Polyhedral Fans

polyhedral_fan(T, Rays::AbstractCollection[RayVector], LS::Union{AbstractCollection[RayVector], Nothing}, Incidence::IncidenceMatrix) where T<:scalar_types

Assemble a polyhedral fan from ray generators, lineality generators, and an IncidenceMatrix indicating which rays form a cone.

Arguments

• T: Type or parent Field of scalar to use, defaults to QQFieldElem.
• Rays::AbstractCollection[RayVector]: Rays generating the cones of the fan; encoded row-wise as representative vectors.
• LS::AbstractCollection[RayVector]: Contains row-wise generators of the lineality space of the fan. (optional argument)
• Cones::IncidenceMatrix: An incidence matrix; there is a 1 at position (i,j) if cone i has ray j as extremal ray, and 0 otherwise.

Examples

To obtain the upper half-space of the plane:

julia> R = [1 0; 1 1; 0 1; -1 0; 0 -1];

julia> IM = incidence_matrix([[1,2],[2,3],[3,4],[4,5],[1,5]]);

julia> PF=polyhedral_fan(IM, R)
Polyhedral fan in ambient dimension 2

Polyhedral fan with lineality space:

julia> R = [1 0 0; 0 0 1];

julia> L = [0 1 0];

julia> IM = incidence_matrix([[1],[2]]);

julia> PF=polyhedral_fan(IM, R, L)
Polyhedral fan in ambient dimension 3

julia> lineality_dim(PF)
1

polyhedral_fan(cones::AbstractVector{Cone{T}}) where T<:scalar_types

Assemble a polyhedral fan from a non-empty list of cones.

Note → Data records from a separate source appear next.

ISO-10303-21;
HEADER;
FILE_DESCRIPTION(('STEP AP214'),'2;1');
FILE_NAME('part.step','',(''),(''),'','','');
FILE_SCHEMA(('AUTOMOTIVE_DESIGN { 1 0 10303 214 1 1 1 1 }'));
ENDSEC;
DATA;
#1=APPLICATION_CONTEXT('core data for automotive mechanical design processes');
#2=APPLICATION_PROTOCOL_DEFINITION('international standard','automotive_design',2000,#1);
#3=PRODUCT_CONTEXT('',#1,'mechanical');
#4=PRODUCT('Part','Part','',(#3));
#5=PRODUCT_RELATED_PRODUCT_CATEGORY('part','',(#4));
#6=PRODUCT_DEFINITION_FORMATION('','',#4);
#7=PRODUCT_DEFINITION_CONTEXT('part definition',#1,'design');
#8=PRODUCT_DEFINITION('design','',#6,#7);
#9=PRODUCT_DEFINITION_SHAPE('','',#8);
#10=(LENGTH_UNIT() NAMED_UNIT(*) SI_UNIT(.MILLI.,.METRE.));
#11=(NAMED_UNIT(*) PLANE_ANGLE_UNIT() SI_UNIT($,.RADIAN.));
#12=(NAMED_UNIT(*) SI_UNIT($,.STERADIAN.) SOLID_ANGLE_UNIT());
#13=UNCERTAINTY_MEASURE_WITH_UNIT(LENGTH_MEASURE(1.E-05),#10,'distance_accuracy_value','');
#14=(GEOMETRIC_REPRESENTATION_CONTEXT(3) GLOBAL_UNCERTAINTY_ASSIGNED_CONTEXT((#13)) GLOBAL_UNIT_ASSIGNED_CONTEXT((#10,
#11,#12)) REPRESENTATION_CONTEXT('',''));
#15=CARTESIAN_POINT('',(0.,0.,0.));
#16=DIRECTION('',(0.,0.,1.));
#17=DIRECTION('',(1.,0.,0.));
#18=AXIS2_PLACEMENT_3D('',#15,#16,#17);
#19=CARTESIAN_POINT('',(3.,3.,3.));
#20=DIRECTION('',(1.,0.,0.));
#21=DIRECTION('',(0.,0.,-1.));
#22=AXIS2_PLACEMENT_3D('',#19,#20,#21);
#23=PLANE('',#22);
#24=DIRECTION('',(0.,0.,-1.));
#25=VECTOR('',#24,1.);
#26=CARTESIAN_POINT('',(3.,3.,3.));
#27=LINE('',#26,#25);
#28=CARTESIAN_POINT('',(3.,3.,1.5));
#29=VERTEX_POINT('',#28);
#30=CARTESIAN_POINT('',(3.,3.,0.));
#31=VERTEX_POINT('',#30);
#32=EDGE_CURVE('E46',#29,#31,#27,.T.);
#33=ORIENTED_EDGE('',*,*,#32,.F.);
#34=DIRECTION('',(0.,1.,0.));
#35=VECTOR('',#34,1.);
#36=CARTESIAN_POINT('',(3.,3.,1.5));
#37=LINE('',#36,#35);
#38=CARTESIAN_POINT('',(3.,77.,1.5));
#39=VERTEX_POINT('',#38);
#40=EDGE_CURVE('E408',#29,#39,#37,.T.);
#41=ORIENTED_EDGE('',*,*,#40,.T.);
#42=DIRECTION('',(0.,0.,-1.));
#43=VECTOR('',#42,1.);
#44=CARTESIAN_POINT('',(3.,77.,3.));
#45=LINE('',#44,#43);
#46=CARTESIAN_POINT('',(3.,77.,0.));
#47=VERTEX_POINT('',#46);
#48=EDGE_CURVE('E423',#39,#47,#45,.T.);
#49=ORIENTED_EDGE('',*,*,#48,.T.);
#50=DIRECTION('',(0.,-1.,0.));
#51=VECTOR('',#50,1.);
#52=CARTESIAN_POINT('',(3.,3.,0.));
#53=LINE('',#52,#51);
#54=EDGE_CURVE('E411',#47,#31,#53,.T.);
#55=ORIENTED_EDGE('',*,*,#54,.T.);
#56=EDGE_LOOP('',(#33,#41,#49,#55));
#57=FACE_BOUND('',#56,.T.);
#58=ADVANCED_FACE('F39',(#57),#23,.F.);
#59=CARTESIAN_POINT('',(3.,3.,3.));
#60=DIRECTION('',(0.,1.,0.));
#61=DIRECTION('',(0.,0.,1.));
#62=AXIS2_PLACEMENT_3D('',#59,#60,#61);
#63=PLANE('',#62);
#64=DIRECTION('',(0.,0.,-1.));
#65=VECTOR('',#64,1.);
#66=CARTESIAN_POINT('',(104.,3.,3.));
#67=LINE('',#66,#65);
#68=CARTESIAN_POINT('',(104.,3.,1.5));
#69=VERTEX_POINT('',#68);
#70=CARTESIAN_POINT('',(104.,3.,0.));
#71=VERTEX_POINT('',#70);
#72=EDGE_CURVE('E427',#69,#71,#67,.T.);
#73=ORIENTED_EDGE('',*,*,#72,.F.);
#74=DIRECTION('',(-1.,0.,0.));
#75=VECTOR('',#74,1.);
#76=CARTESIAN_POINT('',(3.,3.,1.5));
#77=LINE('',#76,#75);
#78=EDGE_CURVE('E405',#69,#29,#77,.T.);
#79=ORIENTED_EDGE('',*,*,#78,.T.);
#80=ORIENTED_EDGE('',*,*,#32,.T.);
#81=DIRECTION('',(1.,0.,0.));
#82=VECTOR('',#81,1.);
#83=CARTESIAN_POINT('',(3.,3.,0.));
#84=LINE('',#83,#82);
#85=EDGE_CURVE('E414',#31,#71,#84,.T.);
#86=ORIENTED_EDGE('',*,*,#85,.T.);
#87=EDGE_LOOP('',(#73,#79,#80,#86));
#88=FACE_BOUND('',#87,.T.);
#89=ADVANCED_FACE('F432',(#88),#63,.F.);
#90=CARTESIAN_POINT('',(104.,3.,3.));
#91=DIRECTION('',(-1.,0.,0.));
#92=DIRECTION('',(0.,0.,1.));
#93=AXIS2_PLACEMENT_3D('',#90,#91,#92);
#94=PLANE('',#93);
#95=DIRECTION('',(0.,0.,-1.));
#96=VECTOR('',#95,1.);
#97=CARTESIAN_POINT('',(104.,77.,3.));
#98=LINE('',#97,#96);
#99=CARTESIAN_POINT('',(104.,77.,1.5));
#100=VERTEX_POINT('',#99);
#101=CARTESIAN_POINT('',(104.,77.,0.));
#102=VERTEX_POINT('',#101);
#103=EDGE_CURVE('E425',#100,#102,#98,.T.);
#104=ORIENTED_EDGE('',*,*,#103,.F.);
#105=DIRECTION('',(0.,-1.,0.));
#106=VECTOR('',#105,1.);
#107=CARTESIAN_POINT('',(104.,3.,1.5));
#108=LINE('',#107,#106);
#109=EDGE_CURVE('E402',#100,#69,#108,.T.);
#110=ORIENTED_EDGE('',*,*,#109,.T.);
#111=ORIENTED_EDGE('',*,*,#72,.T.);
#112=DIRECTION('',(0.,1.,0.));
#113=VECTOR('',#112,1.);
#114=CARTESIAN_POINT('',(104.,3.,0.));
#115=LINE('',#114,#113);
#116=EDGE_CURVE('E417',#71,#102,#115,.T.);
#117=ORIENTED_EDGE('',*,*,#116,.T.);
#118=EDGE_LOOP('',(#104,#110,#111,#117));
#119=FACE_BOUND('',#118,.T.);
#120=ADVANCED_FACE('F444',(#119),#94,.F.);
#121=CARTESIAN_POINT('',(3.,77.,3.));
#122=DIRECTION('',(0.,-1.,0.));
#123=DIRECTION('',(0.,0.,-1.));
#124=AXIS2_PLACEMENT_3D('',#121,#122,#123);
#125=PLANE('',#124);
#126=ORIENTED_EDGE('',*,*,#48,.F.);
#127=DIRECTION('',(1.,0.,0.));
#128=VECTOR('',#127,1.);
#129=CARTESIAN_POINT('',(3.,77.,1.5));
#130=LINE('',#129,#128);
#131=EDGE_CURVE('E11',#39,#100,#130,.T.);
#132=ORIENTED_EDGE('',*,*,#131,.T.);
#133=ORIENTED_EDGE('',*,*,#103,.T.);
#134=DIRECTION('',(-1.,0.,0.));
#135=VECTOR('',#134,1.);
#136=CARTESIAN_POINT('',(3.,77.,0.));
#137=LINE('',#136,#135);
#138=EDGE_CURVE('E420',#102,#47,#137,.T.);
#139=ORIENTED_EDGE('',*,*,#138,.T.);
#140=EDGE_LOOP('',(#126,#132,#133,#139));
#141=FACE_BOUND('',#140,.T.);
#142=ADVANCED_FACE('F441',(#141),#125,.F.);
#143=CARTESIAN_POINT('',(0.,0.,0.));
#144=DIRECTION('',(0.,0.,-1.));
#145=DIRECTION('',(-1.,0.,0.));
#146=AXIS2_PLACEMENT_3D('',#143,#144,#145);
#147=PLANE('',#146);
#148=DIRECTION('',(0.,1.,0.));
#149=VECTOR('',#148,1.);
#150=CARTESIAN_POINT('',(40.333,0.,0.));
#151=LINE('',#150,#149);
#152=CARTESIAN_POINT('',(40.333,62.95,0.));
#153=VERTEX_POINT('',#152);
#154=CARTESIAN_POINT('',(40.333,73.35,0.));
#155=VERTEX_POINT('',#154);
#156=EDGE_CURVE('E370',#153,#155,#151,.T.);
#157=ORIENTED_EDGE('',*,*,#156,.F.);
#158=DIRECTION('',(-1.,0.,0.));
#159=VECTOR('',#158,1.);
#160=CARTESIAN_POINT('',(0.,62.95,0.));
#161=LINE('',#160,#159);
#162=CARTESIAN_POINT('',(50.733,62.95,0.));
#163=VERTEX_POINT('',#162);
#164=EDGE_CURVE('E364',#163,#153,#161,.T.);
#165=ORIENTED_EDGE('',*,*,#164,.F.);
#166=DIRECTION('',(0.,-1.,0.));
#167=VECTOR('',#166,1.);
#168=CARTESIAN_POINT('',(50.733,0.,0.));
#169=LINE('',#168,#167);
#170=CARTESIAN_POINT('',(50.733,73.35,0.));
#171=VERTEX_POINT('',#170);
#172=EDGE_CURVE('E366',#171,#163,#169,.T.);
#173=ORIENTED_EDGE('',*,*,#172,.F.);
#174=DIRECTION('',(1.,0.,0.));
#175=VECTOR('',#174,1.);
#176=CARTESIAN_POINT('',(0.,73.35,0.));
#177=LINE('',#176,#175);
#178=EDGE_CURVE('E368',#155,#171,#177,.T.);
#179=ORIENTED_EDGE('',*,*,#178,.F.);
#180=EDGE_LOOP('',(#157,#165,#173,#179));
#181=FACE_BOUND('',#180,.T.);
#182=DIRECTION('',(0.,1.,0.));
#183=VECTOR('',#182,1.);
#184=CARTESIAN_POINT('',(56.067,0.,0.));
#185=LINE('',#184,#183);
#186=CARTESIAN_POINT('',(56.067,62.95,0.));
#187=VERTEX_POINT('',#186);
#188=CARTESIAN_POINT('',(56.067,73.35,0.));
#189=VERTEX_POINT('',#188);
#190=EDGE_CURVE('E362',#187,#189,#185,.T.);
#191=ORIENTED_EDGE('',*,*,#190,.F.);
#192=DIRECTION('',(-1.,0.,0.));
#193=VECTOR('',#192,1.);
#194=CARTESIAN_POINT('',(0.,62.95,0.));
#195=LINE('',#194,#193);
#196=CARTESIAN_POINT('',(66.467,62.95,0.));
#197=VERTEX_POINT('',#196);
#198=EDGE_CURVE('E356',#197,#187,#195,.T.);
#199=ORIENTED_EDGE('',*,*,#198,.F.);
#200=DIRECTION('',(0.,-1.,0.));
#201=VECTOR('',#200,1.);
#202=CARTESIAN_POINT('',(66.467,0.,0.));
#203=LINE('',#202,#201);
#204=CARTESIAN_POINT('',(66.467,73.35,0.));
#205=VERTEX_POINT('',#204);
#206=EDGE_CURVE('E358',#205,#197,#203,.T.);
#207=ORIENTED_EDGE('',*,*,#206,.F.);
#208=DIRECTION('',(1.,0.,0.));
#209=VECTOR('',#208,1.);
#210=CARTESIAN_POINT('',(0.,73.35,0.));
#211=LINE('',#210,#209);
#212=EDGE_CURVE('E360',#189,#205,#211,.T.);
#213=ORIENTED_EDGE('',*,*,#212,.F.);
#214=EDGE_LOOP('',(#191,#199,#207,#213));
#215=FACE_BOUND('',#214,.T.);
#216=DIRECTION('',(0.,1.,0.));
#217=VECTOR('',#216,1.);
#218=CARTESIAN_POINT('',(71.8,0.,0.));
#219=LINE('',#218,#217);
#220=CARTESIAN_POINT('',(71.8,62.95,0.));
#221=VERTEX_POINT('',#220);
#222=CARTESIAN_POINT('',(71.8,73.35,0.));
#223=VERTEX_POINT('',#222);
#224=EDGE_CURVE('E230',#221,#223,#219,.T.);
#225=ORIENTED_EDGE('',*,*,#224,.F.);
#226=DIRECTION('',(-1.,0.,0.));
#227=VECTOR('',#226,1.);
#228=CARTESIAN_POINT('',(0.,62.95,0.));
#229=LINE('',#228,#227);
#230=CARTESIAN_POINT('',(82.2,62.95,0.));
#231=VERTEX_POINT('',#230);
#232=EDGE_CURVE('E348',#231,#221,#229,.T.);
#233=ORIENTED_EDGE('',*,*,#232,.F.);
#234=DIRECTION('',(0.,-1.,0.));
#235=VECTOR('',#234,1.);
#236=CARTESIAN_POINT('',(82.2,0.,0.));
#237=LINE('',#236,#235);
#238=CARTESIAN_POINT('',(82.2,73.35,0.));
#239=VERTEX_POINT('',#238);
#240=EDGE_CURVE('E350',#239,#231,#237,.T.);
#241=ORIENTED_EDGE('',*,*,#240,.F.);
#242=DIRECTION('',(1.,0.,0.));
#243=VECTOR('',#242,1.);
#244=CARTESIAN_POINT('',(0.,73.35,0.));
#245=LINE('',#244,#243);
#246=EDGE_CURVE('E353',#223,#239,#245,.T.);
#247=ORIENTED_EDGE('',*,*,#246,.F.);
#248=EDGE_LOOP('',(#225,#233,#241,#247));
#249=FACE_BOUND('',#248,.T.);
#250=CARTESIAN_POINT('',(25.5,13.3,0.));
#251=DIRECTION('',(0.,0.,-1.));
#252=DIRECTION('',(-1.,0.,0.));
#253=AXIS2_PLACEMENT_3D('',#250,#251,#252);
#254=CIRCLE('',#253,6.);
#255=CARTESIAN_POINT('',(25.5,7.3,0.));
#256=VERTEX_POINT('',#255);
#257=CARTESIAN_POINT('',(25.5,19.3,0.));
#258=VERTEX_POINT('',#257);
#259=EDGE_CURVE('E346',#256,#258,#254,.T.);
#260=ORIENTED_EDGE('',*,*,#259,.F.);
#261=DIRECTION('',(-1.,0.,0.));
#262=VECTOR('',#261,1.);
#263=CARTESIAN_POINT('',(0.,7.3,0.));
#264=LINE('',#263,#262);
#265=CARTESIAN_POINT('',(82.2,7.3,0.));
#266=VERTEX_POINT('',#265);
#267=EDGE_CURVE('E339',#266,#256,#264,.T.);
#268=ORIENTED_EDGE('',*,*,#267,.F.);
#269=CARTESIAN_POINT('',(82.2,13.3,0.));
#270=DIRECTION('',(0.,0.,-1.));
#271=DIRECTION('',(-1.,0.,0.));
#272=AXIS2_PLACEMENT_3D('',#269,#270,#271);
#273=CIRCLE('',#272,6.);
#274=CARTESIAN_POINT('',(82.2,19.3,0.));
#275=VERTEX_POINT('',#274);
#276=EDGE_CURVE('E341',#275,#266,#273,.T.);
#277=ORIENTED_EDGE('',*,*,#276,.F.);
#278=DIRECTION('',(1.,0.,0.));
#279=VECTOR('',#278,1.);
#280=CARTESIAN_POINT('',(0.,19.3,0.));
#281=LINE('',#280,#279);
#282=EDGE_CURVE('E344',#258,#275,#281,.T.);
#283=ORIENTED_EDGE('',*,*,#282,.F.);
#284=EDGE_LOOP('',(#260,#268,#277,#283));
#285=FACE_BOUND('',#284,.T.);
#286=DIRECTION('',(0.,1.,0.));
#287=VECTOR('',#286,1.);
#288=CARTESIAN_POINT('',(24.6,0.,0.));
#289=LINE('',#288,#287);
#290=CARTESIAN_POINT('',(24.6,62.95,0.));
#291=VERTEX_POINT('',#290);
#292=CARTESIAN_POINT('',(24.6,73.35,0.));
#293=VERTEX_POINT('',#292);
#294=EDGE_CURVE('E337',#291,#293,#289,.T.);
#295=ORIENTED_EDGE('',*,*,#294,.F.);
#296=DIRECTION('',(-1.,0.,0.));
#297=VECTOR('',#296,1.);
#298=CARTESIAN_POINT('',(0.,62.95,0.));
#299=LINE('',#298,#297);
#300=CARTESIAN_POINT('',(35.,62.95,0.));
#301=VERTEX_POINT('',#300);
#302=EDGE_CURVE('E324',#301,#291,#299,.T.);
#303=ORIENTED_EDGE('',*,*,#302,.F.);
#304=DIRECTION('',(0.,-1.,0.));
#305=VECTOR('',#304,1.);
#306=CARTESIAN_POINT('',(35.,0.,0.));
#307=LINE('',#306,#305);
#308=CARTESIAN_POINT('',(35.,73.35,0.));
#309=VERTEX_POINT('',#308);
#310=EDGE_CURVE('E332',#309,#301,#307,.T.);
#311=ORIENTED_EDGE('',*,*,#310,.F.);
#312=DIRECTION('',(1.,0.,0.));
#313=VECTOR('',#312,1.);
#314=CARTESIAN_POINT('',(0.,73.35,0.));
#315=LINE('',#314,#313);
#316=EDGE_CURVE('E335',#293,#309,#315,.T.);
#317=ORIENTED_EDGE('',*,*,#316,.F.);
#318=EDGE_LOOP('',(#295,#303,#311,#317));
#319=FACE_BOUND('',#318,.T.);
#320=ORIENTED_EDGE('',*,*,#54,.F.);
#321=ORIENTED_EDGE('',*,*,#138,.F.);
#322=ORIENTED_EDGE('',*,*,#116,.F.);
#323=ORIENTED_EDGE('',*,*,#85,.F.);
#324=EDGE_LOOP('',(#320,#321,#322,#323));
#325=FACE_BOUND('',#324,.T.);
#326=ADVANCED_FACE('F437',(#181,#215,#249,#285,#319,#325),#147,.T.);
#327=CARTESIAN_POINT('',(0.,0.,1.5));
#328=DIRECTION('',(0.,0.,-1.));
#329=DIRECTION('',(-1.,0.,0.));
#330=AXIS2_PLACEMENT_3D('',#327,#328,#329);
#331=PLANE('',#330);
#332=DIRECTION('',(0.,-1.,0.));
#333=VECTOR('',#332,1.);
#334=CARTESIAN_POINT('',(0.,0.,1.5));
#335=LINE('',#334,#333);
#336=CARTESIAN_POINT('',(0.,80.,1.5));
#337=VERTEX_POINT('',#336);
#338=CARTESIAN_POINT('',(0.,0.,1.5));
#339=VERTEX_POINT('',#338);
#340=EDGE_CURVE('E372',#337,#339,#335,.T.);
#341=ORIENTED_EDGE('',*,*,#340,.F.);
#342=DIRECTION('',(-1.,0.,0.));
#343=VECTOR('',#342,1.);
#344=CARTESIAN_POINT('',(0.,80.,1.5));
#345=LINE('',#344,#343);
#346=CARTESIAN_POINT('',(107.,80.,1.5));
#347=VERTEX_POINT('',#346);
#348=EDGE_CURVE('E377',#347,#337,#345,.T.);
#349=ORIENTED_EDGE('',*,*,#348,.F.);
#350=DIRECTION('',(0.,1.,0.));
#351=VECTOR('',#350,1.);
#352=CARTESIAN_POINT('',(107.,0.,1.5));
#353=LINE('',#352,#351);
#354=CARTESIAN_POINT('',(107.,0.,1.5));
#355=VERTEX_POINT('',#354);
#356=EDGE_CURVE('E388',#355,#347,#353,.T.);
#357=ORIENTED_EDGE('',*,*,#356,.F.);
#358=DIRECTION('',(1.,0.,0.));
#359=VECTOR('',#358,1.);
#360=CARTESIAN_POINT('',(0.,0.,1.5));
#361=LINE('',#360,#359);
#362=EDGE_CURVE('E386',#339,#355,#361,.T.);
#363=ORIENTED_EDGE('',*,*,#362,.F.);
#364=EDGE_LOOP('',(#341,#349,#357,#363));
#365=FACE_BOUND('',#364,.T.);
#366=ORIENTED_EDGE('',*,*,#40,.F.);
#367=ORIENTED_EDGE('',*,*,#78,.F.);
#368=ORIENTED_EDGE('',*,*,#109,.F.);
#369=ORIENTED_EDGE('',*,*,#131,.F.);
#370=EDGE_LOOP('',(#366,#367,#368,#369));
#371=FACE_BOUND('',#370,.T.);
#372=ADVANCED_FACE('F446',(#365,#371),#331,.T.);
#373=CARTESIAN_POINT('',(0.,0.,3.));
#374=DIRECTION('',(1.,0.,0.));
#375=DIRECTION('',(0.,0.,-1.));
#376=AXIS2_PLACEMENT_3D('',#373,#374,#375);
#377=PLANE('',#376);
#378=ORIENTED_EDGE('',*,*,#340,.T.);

polyhedral_fan(v::NormalToricVarietyType)

Return the fan of an abstract normal toric variety v.

Examples

julia> p2 = projective_space(NormalToricVariety, 2)
Normal toric variety

julia> polyhedral_fan(p2)
Polyhedral fan in ambient dimension 2

polyhedral_fan_from_rays_action([::Union{Type{T}, Field} = QQFieldElem,] Rays::AbstractCollection[RayVector], MC_reps::IncidenceMatrix, perms::AbstractVector{PermGroupElem}) where T<:scalar_types

Construct a polyhedral fan with a group action.

Arguments

• The first argument either specifies the Type of its coefficients or their

parent Field.

• Rays: The rays of the fan
• MC_reps: IncidenceMatrix whose rows give the indices of the rays forming representatives of the maximal cones under the group action.
• perms: A vector of permutations PermGroupElem that form generators of the group acting on the rays of the fan.

normal_fan(P::Polyhedron)

Return the normal fan of P. The maximal cones of the normal fan of P are dual to the edge cones at the vertices of P.

Examples

The rays of a normal fan of a cube point in every positive and negative unit direction.

julia> C = cube(3);

julia> NF = normal_fan(C)
Polyhedral fan in ambient dimension 3

julia> rays(NF)
6-element SubObjectIterator{RayVector{QQFieldElem}}:
 [1, 0, 0]
 [-1, 0, 0]
 [0, 1, 0]
 [0, -1, 0]
 [0, 0, 1]
 [0, 0, -1]

face_fan(P::Polyhedron)

Return the face fan of P. The polytope P has to contain the origin, then the maximal cones of the face fan of P are the cones over the facets of P.

Examples

By definition, this bounded polyhedron's number of facets equals the amount of maximal cones of its face fan.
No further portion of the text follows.